> _Instructions to follow_: Once the line with "- new net JTDI: J1.5 (TDI), U1.50 (PA15)" is found in the entries below, print it and each following line exactly, stopping after the line with "- added C17: 100n, Capacitor_SMD:C_01005_0402Metric, symbol"; print nothing else.

> _Data for this exercise_:

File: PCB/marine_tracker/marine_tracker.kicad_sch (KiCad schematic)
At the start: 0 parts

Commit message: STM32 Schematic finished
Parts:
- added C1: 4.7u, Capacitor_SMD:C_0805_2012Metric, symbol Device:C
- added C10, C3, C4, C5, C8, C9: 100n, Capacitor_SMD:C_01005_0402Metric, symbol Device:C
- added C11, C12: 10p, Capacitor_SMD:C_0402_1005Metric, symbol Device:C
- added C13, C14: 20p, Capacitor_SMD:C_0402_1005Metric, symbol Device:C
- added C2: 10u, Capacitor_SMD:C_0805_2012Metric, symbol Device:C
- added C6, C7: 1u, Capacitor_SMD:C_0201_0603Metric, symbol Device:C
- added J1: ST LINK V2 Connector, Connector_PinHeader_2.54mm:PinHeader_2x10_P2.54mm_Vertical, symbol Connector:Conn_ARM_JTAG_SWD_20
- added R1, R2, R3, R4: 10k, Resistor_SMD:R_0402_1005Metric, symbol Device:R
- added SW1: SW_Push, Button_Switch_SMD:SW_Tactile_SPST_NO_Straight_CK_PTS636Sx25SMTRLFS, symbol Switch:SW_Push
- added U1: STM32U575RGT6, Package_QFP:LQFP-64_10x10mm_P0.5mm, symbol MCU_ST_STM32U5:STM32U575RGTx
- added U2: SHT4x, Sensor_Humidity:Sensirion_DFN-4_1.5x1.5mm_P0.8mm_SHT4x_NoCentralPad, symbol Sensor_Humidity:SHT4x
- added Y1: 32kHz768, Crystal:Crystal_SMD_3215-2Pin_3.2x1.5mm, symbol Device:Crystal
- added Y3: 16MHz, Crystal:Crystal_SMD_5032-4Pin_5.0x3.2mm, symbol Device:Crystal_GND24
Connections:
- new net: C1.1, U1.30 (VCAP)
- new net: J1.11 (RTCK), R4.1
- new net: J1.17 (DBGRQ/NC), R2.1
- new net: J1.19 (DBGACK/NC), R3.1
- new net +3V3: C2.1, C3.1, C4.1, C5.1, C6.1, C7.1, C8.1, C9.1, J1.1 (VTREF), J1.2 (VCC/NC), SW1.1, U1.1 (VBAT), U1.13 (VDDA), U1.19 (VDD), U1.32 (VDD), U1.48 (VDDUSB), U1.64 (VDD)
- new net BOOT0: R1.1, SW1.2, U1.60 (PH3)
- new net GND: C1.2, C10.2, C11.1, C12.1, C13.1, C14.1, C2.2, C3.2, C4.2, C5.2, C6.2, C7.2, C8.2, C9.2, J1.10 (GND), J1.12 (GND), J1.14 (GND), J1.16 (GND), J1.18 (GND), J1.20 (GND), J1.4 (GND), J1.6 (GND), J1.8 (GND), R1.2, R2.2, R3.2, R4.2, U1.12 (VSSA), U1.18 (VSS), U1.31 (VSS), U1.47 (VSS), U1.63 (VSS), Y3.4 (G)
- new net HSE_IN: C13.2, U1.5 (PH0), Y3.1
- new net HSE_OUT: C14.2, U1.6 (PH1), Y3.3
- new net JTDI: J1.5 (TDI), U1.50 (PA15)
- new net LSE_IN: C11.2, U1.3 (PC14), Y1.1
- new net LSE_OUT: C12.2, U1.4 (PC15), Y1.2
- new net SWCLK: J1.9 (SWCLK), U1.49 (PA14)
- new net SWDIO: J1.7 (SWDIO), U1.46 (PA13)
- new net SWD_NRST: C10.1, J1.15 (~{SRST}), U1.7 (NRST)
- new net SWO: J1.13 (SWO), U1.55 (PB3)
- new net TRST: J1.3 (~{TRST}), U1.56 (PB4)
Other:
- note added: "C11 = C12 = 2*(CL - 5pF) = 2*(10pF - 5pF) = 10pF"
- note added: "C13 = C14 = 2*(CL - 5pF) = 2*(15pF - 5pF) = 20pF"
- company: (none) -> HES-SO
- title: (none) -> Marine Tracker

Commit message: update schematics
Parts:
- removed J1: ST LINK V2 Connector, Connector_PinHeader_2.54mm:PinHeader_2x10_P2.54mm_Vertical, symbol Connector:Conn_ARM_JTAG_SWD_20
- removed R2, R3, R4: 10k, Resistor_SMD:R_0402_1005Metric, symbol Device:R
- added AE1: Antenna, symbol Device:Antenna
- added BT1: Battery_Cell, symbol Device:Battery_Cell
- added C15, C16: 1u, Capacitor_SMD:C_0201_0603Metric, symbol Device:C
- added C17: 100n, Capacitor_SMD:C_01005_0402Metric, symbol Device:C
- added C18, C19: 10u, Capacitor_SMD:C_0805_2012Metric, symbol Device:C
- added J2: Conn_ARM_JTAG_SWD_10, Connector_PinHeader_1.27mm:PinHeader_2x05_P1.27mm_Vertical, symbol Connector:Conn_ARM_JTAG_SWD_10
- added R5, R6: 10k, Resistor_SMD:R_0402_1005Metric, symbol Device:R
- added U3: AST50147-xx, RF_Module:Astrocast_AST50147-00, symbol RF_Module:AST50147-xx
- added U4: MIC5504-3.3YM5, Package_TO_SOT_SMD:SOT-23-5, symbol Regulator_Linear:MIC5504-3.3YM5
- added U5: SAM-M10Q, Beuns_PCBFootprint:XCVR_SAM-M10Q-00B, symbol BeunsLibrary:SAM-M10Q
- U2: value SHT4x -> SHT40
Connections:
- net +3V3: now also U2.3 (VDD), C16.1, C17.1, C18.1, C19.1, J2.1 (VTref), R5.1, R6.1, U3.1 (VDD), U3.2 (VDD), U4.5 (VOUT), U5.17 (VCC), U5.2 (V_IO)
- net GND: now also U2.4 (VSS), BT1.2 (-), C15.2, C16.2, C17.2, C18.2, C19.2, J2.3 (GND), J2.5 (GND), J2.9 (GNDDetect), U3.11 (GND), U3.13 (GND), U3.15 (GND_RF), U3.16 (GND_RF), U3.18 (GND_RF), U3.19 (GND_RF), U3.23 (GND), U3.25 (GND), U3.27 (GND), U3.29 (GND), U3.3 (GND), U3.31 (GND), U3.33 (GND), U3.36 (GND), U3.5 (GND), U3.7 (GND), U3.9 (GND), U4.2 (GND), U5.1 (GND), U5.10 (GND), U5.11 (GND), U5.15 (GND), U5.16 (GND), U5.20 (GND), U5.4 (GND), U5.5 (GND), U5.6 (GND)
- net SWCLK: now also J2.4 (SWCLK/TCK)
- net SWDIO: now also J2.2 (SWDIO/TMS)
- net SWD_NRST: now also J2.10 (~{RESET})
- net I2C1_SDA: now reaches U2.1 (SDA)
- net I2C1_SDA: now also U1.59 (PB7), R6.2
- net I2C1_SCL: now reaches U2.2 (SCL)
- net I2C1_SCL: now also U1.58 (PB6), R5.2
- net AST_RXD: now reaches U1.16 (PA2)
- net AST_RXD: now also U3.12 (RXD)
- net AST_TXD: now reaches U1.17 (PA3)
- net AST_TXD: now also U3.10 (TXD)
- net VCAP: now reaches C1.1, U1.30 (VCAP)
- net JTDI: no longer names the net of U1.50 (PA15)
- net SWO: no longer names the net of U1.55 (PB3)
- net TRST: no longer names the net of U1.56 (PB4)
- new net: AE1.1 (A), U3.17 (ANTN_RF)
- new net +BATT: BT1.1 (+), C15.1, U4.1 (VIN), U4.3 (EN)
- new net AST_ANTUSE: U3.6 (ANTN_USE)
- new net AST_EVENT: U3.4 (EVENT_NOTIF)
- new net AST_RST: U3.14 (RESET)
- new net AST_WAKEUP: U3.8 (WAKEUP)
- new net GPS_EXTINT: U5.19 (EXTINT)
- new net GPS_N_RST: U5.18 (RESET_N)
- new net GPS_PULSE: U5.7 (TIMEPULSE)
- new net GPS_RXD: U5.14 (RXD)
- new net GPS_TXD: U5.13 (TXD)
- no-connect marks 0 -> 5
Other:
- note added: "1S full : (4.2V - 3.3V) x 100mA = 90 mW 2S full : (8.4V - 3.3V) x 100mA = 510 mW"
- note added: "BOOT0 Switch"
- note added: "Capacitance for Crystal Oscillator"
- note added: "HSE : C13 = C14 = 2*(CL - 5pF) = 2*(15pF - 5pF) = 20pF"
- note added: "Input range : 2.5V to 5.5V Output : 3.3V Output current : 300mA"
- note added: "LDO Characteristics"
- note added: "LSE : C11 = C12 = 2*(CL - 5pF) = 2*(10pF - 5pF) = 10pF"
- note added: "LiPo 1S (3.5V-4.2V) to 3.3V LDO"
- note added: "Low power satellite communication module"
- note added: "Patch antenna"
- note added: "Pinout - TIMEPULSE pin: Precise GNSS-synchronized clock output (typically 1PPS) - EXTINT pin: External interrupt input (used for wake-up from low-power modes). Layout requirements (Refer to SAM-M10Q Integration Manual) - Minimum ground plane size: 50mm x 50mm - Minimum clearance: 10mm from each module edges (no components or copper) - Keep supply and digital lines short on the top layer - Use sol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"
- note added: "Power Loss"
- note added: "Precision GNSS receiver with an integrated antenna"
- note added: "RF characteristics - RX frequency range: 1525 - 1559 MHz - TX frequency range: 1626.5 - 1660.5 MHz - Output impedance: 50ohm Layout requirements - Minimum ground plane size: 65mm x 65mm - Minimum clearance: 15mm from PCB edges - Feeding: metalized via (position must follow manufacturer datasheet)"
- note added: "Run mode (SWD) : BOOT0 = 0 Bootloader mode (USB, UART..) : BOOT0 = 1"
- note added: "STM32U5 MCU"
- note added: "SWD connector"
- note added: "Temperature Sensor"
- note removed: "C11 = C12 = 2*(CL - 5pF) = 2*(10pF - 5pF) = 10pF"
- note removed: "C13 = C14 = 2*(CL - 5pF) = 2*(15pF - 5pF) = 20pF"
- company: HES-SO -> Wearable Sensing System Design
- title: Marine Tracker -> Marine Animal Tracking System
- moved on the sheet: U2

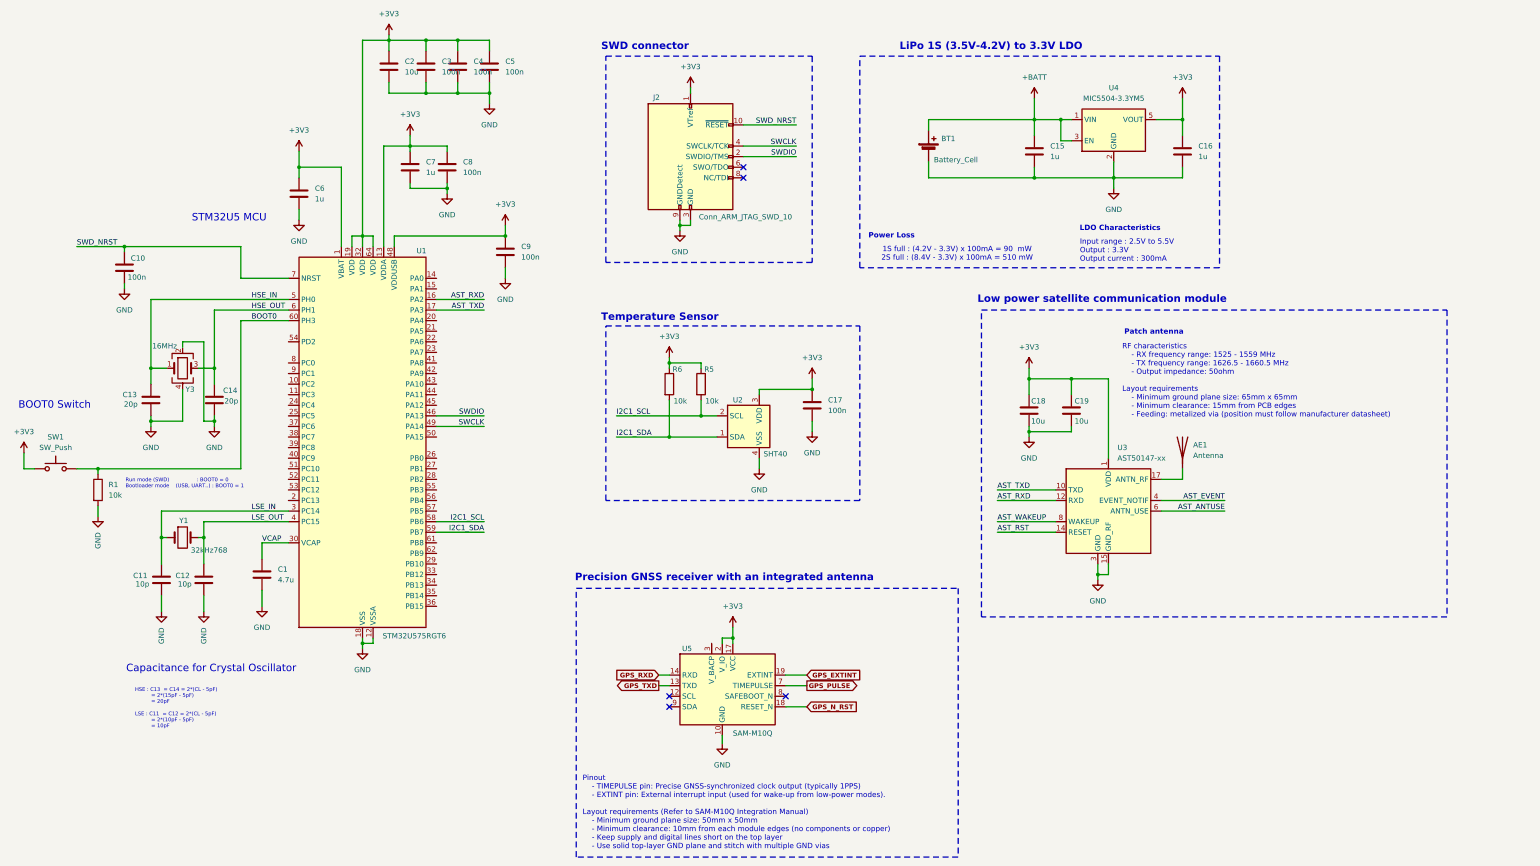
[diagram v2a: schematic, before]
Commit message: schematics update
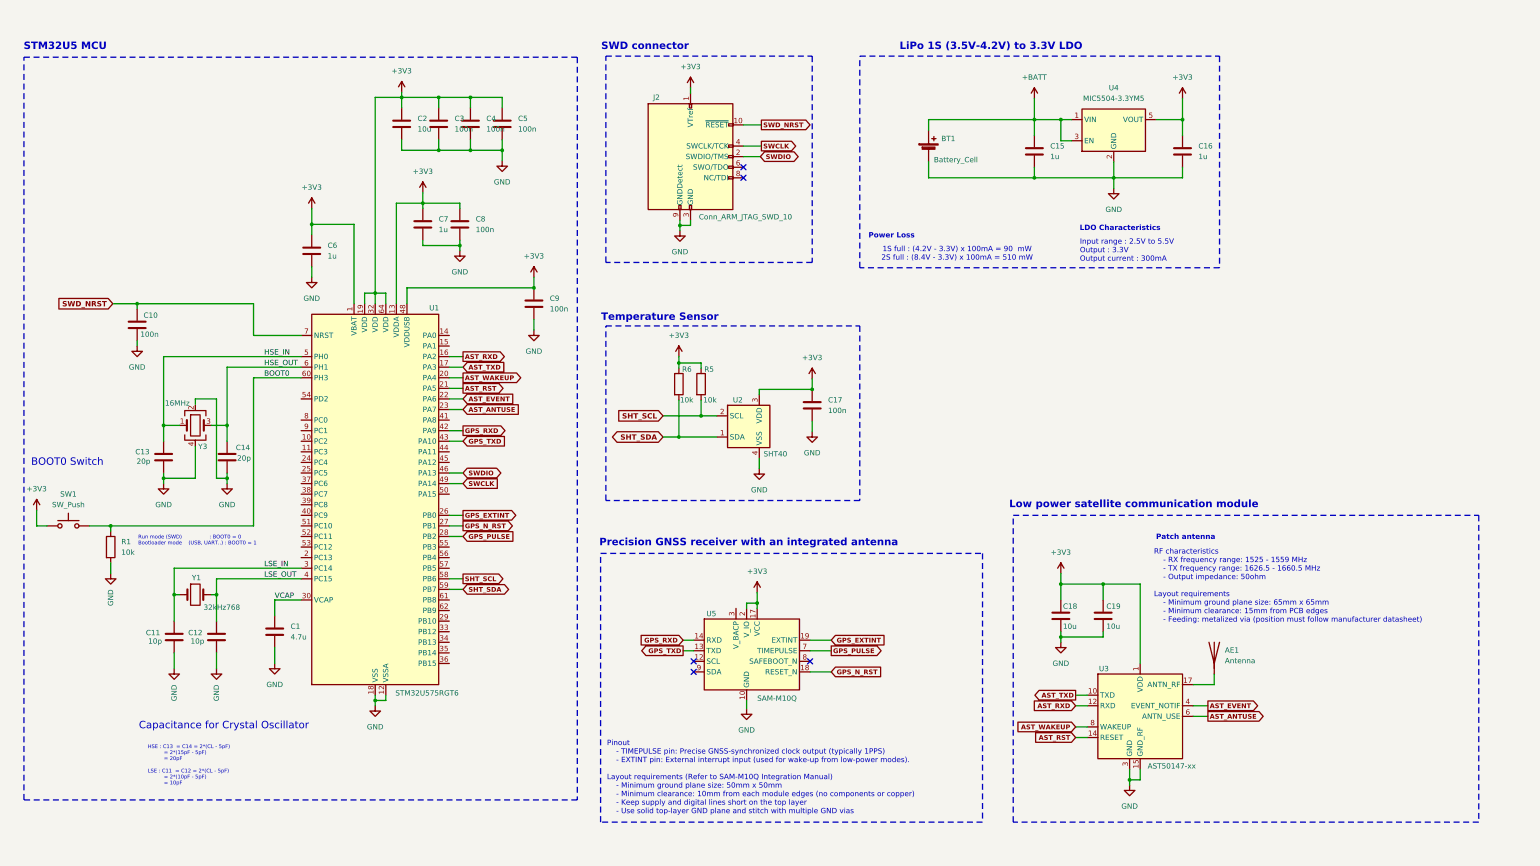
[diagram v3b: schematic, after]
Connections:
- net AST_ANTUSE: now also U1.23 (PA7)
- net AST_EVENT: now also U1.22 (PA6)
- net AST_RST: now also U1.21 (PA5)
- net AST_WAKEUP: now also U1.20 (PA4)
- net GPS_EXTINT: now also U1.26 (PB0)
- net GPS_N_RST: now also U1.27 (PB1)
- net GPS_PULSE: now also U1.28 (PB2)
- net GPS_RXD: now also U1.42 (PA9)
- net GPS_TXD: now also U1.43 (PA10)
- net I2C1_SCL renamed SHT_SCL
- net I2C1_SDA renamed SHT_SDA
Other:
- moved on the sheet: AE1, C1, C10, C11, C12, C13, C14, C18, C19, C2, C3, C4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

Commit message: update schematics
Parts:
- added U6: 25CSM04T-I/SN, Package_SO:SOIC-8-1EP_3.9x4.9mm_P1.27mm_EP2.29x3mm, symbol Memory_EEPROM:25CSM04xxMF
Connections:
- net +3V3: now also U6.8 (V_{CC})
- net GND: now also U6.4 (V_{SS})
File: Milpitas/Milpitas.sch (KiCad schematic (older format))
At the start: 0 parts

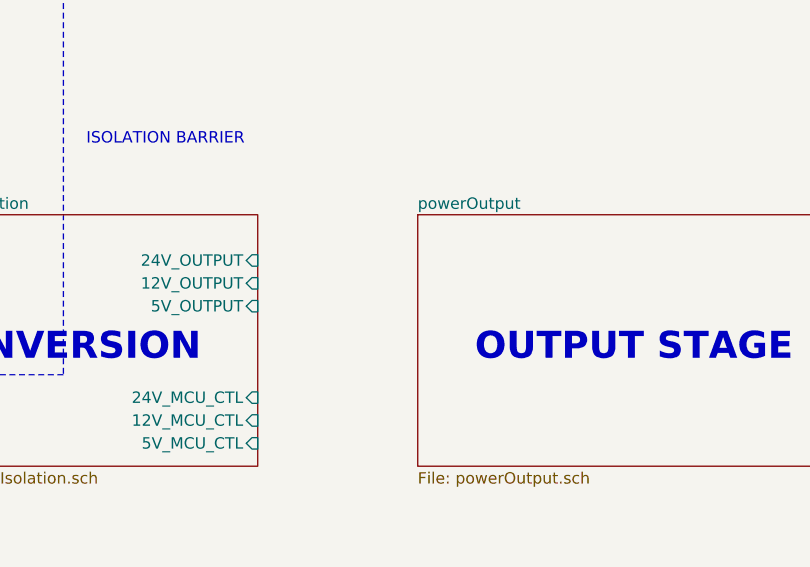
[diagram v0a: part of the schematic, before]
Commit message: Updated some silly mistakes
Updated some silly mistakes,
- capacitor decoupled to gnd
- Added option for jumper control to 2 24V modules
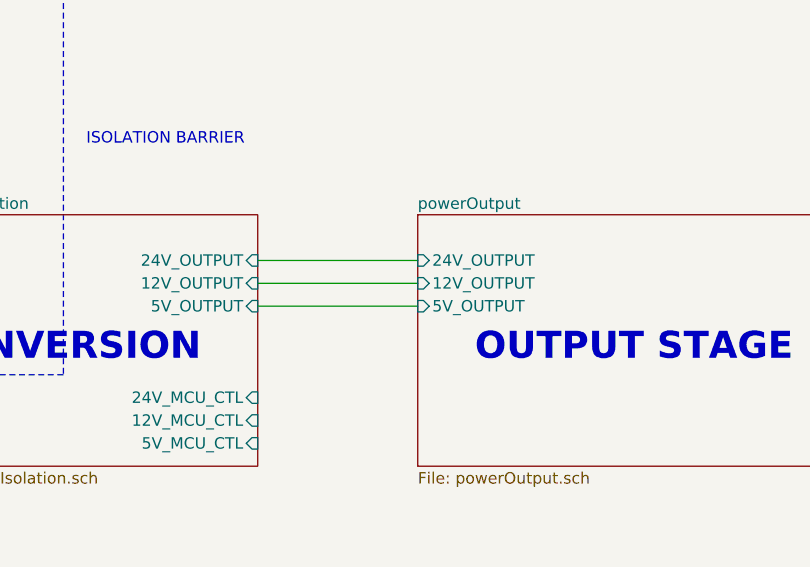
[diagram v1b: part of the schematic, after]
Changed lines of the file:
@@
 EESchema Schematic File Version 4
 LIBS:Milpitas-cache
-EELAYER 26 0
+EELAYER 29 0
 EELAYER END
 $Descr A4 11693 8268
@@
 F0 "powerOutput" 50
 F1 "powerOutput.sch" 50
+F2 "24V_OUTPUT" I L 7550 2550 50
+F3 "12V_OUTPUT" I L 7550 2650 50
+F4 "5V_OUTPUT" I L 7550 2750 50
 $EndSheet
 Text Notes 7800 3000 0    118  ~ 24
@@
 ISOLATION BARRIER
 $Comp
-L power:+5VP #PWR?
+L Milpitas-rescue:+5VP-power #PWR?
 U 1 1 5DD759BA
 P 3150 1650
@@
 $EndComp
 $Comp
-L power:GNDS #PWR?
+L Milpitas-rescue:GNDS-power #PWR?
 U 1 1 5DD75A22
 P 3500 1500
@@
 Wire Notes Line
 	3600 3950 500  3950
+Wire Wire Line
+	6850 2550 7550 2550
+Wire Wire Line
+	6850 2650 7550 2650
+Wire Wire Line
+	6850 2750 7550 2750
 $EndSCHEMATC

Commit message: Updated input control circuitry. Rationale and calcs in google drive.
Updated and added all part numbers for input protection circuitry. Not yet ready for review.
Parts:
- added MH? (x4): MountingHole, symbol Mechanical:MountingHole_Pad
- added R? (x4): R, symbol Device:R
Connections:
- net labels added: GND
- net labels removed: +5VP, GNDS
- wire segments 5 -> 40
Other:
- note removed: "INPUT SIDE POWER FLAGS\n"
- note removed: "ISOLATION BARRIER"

> _Answer section_:
- new net JTDI: J1.5 (TDI), U1.50 (PA15)
- new net LSE_IN: C11.2, U1.3 (PC14), Y1.1
- new net LSE_OUT: C12.2, U1.4 (PC15), Y1.2
- new net SWCLK: J1.9 (SWCLK), U1.49 (PA14)
- new net SWDIO: J1.7 (SWDIO), U1.46 (PA13)
- new net SWD_NRST: C10.1, J1.15 (~{SRST}), U1.7 (NRST)
- new net SWO: J1.13 (SWO), U1.55 (PB3)
- new net TRST: J1.3 (~{TRST}), U1.56 (PB4)
Other:
- note added: "C11 = C12 = 2*(CL - 5pF) = 2*(10pF - 5pF) = 10pF"
- note added: "C13 = C14 = 2*(CL - 5pF) = 2*(15pF - 5pF) = 20pF"
- company: (none) -> HES-SO
- title: (none) -> Marine Tracker

Commit message: update schematics
Parts:
- removed J1: ST LINK V2 Connector, Connector_PinHeader_2.54mm:PinHeader_2x10_P2.54mm_Vertical, symbol Connector:Conn_ARM_JTAG_SWD_20
- removed R2, R3, R4: 10k, Resistor_SMD:R_0402_1005Metric, symbol Device:R
- added AE1: Antenna, symbol Device:Antenna
- added BT1: Battery_Cell, symbol Device:Battery_Cell
- added C15, C16: 1u, Capacitor_SMD:C_0201_0603Metric, symbol Device:C
- added C17: 100n, Capacitor_SMD:C_01005_0402Metric, symbol Device:C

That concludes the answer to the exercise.